Until now, none of this huge fifty year socio-political history has been fully explored and explained in context. And that’s why I’m setting out to fix that.

Telling The Story — In Full

“Trans: A British History” is an ambitious attempt to tell the whole story, via the best experts available: the people who were at the centre of the action at every stage. I have brought together 25 eye-witness experts to tell the story in their own words — from the sixties to the present day.

It will be a unique book. It will be an authoritative book. And it will be a book full of human interest, as this whole struggle is really about people striving to come in from the cold against the most fearful opposition — against doctors; against the state; against the media; and against general all-round ill-informed prejudice. It’s not just a book for trans people. It’s a book for everyone. Each of the contributors will be under instructions to keep it accessible.

To bring this book to the shops I have agreed to work with a very special kind of publisher. Unbound has a unique model. Most publishers want a lot of control over a book’s contents.

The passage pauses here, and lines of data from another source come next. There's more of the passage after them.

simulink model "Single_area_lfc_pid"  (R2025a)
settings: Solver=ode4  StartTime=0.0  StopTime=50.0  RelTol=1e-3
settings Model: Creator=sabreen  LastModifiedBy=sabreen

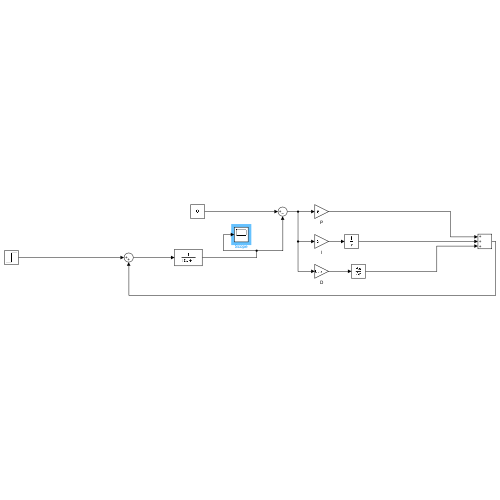
[thumbnail: Simulink's stored preview of the top-level diagram]
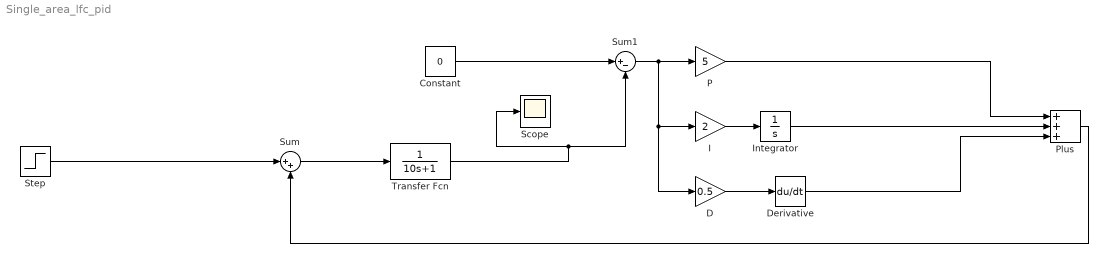
== system Single_area_lfc_pid ==
  Constant : Constant  Value=0
  D : Gain  Gain=0.5
  Derivative : Derivative
  I : Gain  Gain=2
  Integrator : Integrator
  P : Gain  Gain=5
  Plus : Sum  Inputs=+++
  Scope : Scope
      settings: ActiveDisplayYMinimum=-0.00020324478402603376  ActiveDisplayYMaximum=0.0011544135578532868
  Step : Step  Time=0  After=0.01  SampleTime=0
  Sum : Sum  Inputs=|++
  Sum1 : Sum  Inputs=|+-
  Transfer Fcn : TransferFcn  Denominator=[10 1]
  wires:
  Transfer Fcn/1 -> Sum1/2, Scope/1
  Step/1 -> Sum/1
  Sum/1 -> Transfer Fcn/1
  Constant/1 -> Sum1/1
  Sum1/1 -> D/1, I/1, P/1
  I/1 -> Integrator/1
  D/1 -> Derivative/1
  P/1 -> Plus/1
  Integrator/1 -> Plus/2
  Derivative/1 -> Plus/3
  Plus/1 -> Sum/2
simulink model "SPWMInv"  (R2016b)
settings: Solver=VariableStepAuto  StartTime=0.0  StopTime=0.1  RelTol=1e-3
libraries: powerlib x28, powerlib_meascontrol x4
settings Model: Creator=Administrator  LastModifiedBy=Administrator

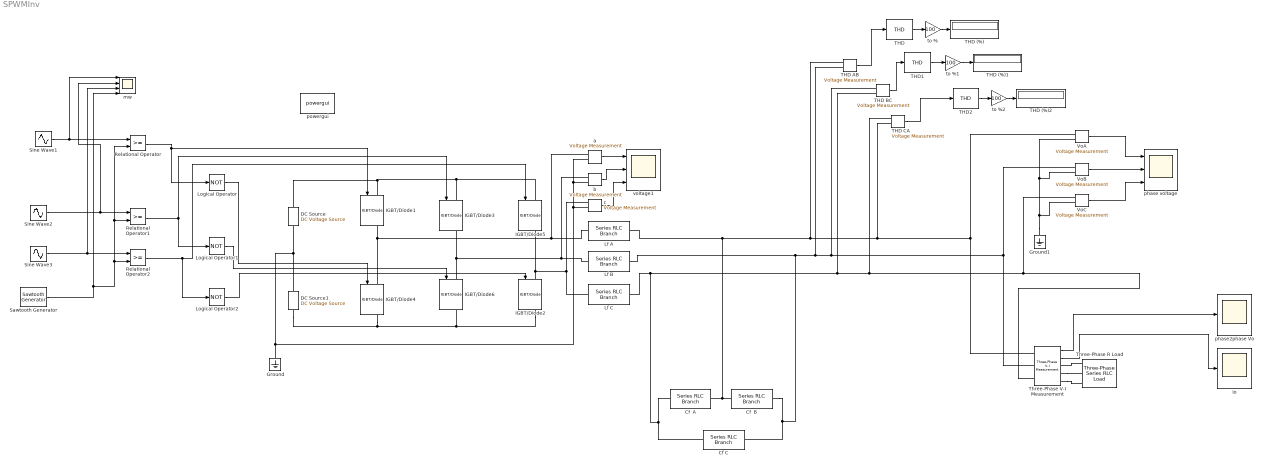
== system SPWMInv ==
  Cf  A : powerlib/Elements/Series RLC Branch  LConnTagsString=__new0  RConnTagsString=__new0  BranchType=C  Resistance=1  Inductance=1e-3  SetiL0=off  InitialCurrent=0  Capacitance=3.82e-7  Setx0=off  InitialVoltage=0  Measurements=None
  Cf  B : powerlib/Elements/Series RLC Branch  LConnTagsString=__new0  RConnTagsString=__new0  BranchType=C  Resistance=1  Inductance=1e-3  SetiL0=off  InitialCurrent=0  Capacitance=3.82e-7  Setx0=off  InitialVoltage=0  Measurements=None
  Cf C : powerlib/Elements/Series RLC Branch  LConnTagsString=__new0  RConnTagsString=__new0  BranchType=C  Resistance=1  Inductance=1e-3  SetiL0=off  InitialCurrent=0  Capacitance=3.82e-7  Setx0=off  InitialVoltage=0  Measurements=None
  DC Source : powerlib/Electrical Sources/DC Voltage Source  Amplitude=710  Measurements=None
  DC Source1 : powerlib/Electrical Sources/DC Voltage Source  Amplitude=710  Measurements=None
  Ground : powerlib/Elements/Ground  LConnTagsString=a
  Ground1 : powerlib/Elements/Ground  LConnTagsString=a
  IGBT/Diode{1..6} (6 alike) : powerlib/Power Electronics/IGBT//Diode  Ron=1e-3  Rs=1e5  Cs=inf  Measurements=on
  Io : Scope
  Lf A : powerlib/Elements/Series RLC Branch  LConnTagsString=__new0  RConnTagsString=__new0  BranchType=L  Resistance=1  Inductance=1.5e-2  SetiL0=off  InitialCurrent=0  Capacitance=1e-6  Setx0=off  InitialVoltage=0  Measurements=None
  Lf B : powerlib/Elements/Series RLC Branch  LConnTagsString=__new0  RConnTagsString=__new0  BranchType=L  Resistance=1  Inductance=1.5e-2  SetiL0=off  InitialCurrent=0  Capacitance=1e-6  Setx0=off  InitialVoltage=0  Measurements=None
  Lf C : powerlib/Elements/Series RLC Branch  LConnTagsString=__new0  RConnTagsString=__new0  BranchType=L  Resistance=1  Inductance=1.5e-2  SetiL0=off  InitialCurrent=0  Capacitance=1e-6  Setx0=off  InitialVoltage=0  Measurements=None
  Logical Operator : Logic  Operator=NOT  Inputs=1  AllPortsSameDT=off  OutDataTypeStr=boolean
  Logical Operator1 : Logic  Operator=NOT  Inputs=1  AllPortsSameDT=off  OutDataTypeStr=boolean
  Logical Operator2 : Logic  Operator=NOT  Inputs=1  AllPortsSameDT=off  OutDataTypeStr=boolean
  Relational Operator : RelationalOperator  OutDataTypeStr=boolean  RndMeth=Simplest
  Relational Operator1 : RelationalOperator  OutDataTypeStr=boolean  RndMeth=Simplest
  Relational Operator2 : RelationalOperator  OutDataTypeStr=boolean  RndMeth=Simplest
  Sawtooth Generator : powerlib_meascontrol/Pulse & Signal Generators/Sawtooth Generator  Freq=14e3  Phase=0  Ts=1/100000
  Sine Wave1 : Sin  Amplitude=0.438  Frequency=100*pi  SampleTime=0
  Sine Wave2 : Sin  Amplitude=0.438  Frequency=100*pi  Phase=-pi*2/3  SampleTime=0
  Sine Wave3 : Sin  Amplitude=0.438  Frequency=100*pi  Phase=pi*2/3  SampleTime=0
  THD : powerlib_meascontrol/Measurements/THD  Freq=50  Ts=0
  THD (%) : Display
      settings: Format=bank
  THD (%)1 : Display
      settings: Format=bank
  THD (%)2 : Display
      settings: Format=bank
  THD AB : powerlib/Measurements/Voltage Measurement  PhasorSimulation=off  OutputType=Complex  PSBequivalent=0
  THD BC : powerlib/Measurements/Voltage Measurement  PhasorSimulation=off  OutputType=Complex  PSBequivalent=0
  THD CA : powerlib/Measurements/Voltage Measurement  PhasorSimulation=off  OutputType=Complex  PSBequivalent=0
  THD1 : powerlib_meascontrol/Measurements/THD  Freq=50  Ts=0
  THD2 : powerlib_meascontrol/Measurements/THD  Freq=50  Ts=0
  Three-Phase R Load : powerlib/Elements/Three-Phase Series RLC Load  LConnTagsString=A|B|C  Configuration=Y (floating)  NominalVoltage=381  Vabc=[1e3 1e3 1e3]  Vabcp=[1e3 1e3 1e3]  NominalFrequency=50  UnbalancedPower=off  ActivePower=11e3  InductivePower=0  CapacitivePower=0  Pabc=[10e3 9e3 11e3]  QLabc=[100 90 110]  QCabc=[100 90 110]  Pabcp=[10e3 9e3 11e3]  QLabcp=[100 90 110]  QCabcp=[100 90 110]  Measurements=None  LoadType=constant Z
  Three-Phase V-I Measurement : powerlib/Measurements/Three-Phase V-I Measurement  VoltageMeasurement=phase-to-phase  SetLabelV=off  LabelV=Vabc  Vpu=off  VpuLL=off  CurrentMeasurement=yes  SetLabelI=off  LabelI=Iabc  Ipu=off  Pbase=100e6  Vbase=500e3  OutputType=Complex  PhasorSimulation=off  PSBequivalent=0
  VoA : powerlib/Measurements/Voltage Measurement  PhasorSimulation=off  OutputType=Complex  PSBequivalent=0
  VoB : powerlib/Measurements/Voltage Measurement  PhasorSimulation=off  OutputType=Complex  PSBequivalent=0
  VoC : powerlib/Measurements/Voltage Measurement  PhasorSimulation=off  OutputType=Complex  PSBequivalent=0
  a : powerlib/Measurements/Voltage Measurement  PhasorSimulation=off  OutputType=Complex  PSBequivalent=0
  b : powerlib/Measurements/Voltage Measurement  PhasorSimulation=off  OutputType=Complex  PSBequivalent=0
  c : powerlib/Measurements/Voltage Measurement  PhasorSimulation=off  OutputType=Complex  PSBequivalent=0
  mw : Scope  NumInputPorts=4
  phase voltage : Scope  NumInputPorts=3
  phase2phase Vo : Scope
  powergui : powerlib/powergui  Priority=1  SimulationMode=Continuous  SolverType=Tustin  SampleTime=50e-6  frequency=60  SPID=off  DisableSnubberDevices=off  DisableRonSwitches=off  DisableVfSwitches=off  SwTol=0  DisplayEquations=off  Interpol=off  ExternalGateDelay=off  methode=off  Ts=10  FunctionMessages=off  echomessages=off  HookPort=off  EnableUseOfTLC=off  x0status=blocks  frequencyindice=0  Pbase=100e6  ErrMax=1e-4  Iterations=50  UnitsV=kV  UnitsW=MW  buscounter=0  RestoreLinks=warning  ResistiveCurrentMeasurement=off  Frange=[0:2:500]  Ylog=off  Xlog=on  ShowGrid=off  save=off  variable=ZData  structure=ScopeData2  ZoomFFT=off  StartTime=0.0  cycles=1  DisplayStyle=1  fundamental=50  FreqAxis=off  MaxFrequency=1000  frequencyindicesteady=1  RmsSteady=1  display=off
  to % : Gain  Gain=100
  to %1 : Gain  Gain=100
  to %2 : Gain  Gain=100
  voltage1 : Scope  NumInputPorts=3
  wires:
  Relational Operator/1 -> Logical Operator/1, IGBT/Diode1/1
  Logical Operator/1 -> IGBT/Diode4/1
  Relational Operator1/1 -> Logical Operator1/1, IGBT/Diode3/1
  Logical Operator1/1 -> IGBT/Diode6/1
  Relational Operator2/1 -> Logical Operator2/1, IGBT/Diode5/1
  Logical Operator2/1 -> IGBT/Diode2/1
  Sine Wave1/1 -> Relational Operator/1, mw/1
  Sawtooth Generator/1 -> Relational Operator1/2, Relational Operator/2, Relational Operator2/2, mw/4
  Sine Wave2/1 -> Relational Operator1/1, mw/2
  Sine Wave3/1 -> Relational Operator2/1, mw/3
  THD/1 -> to %/1
  a/1 -> voltage1/1
  b/1 -> voltage1/2
  c/1 -> voltage1/3
  THD AB/1 -> THD/1
  to %/1 -> THD (%)/1
  VoA/1 -> phase voltage/1
  VoB/1 -> phase voltage/2
  VoC/1 -> phase voltage/3
  THD1/1 -> to %1/1
  THD BC/1 -> THD1/1
  to %1/1 -> THD (%)1/1
  THD2/1 -> to %2/1
  THD CA/1 -> THD2/1
  to %2/1 -> THD (%)2/1
  Three-Phase V-I Measurement/2 -> Io/1
  Three-Phase V-I Measurement/1 -> phase2phase Vo/1
  connections:
  IGBT/Diode2/LConn1 -- Lf C/LConn1 -- c/LConn1 -- IGBT/Diode5/RConn1
  IGBT/Diode2/RConn1 -- DC Source1/LConn1 -- IGBT/Diode4/RConn1 -- IGBT/Diode6/RConn1
  IGBT/Diode6/LConn1 -- Lf B/LConn1 -- b/LConn1 -- IGBT/Diode3/RConn1
  IGBT/Diode4/LConn1 -- a/LConn1 -- Lf A/LConn1 -- IGBT/Diode1/RConn1
  IGBT/Diode1/LConn1 -- DC Source/RConn1 -- IGBT/Diode5/LConn1 -- IGBT/Diode3/LConn1
  a/LConn2 -- b/LConn2 -- c/LConn2 -- Ground/LConn1 -- DC Source/LConn1 -- DC Source1/RConn1
  Cf  B/RConn1 -- Cf  A/LConn1 -- THD CA/LConn2 -- Three-Phase V-I Measurement/LConn1 -- VoA/LConn1 -- THD AB/LConn1 -- Lf A/RConn1
  Cf  A/RConn1 -- THD CA/LConn1 -- VoC/LConn1 -- Three-Phase V-I Measurement/LConn3 -- THD BC/LConn2 -- Lf C/RConn1 -- Cf C/RConn1
  Cf  B/LConn1 -- THD BC/LConn1 -- Three-Phase V-I Measurement/LConn2 -- VoB/LConn1 -- THD AB/LConn2 -- Lf B/RConn1 -- Cf C/LConn1
  Ground1/LConn1 -- VoC/LConn2 -- VoB/LConn2 -- VoA/LConn2
  Three-Phase R Load/LConn1 -- Three-Phase V-I Measurement/RConn1
  Three-Phase V-I Measurement/RConn2 -- Three-Phase R Load/LConn2
  Three-Phase V-I Measurement/RConn3 -- Three-Phase R Load/LConn3

They demand that because they are taking all the financial risk. They’ll say to trans authors “can you change this?” or “can you sex that bit up”. It’s why so many trans books have tended to focus on transitions and on sexualising subjects. Our history is too important for that.

Crowd Funded Publishing

Unbound’s approach is to enable authors and editors to produce the books they want to write. In turn they enable readers to also control the books they want to read. It’s a crowd funding approach — like Kickstarter, but for books. Unbound is primarily a publisher of great books that other publishers might never consider. The flip side of that is that we writers have to devote a bit of time to persuading people to pledge support for our project.

The campaign to enable “Trans: A British History” to be published got underway on 24th January and it has been so successful that — three weeks later — it had already surpassed 60% of the target necessary to produce it. That’s an amazing response and it shows just how much people value the idea of a unique authoritative book like this.

https://unbound.com/books/trans-a-british-history

Why You Should Pledge Support

Pledging to support the book has a number of great advantages. The biggest benefit is that you’ll be the first to receive the book when it is published (up to three months before the trade edition goes to the shops). Supporters can get a specially printed extra-high-quality first edition hardback. All supporters also get their name in a section of the book, as the people who allowed it to happen. As the editor I will also be writing about the progress of the book — exclusive insider information about the contributors and design process — and almost all of that will be for supporters only.

The basic pledge options are about a first edition of the book, a mention in the back and access to the ‘Shed’, where I’ll be blogging for you. However, for a small additional contribution you can make your copy a true collectible, with my signature (and some of the contributors if I can get them all to stand still in one place). There are then many more great options for individuals and groups with deeper pockets. For a sum your organisation can even be mentioned in the book’s frontispiece as a major benefactor.

I must stress, however, that none of this can take place until the support campaign reaches 100%. By pledging support for this project you really do determine whether it can happen. I really want to get there as soon as possible, so that I can set 25 amazing people with unique eye-witness memories on a job that has never been attempted before.

To borrow from Donald Trump (God help me): “It’ll be great. Just great. I’ve got the best writers. The very best. And we’ll make trans history great"

PLEDGE RIGHT NOW!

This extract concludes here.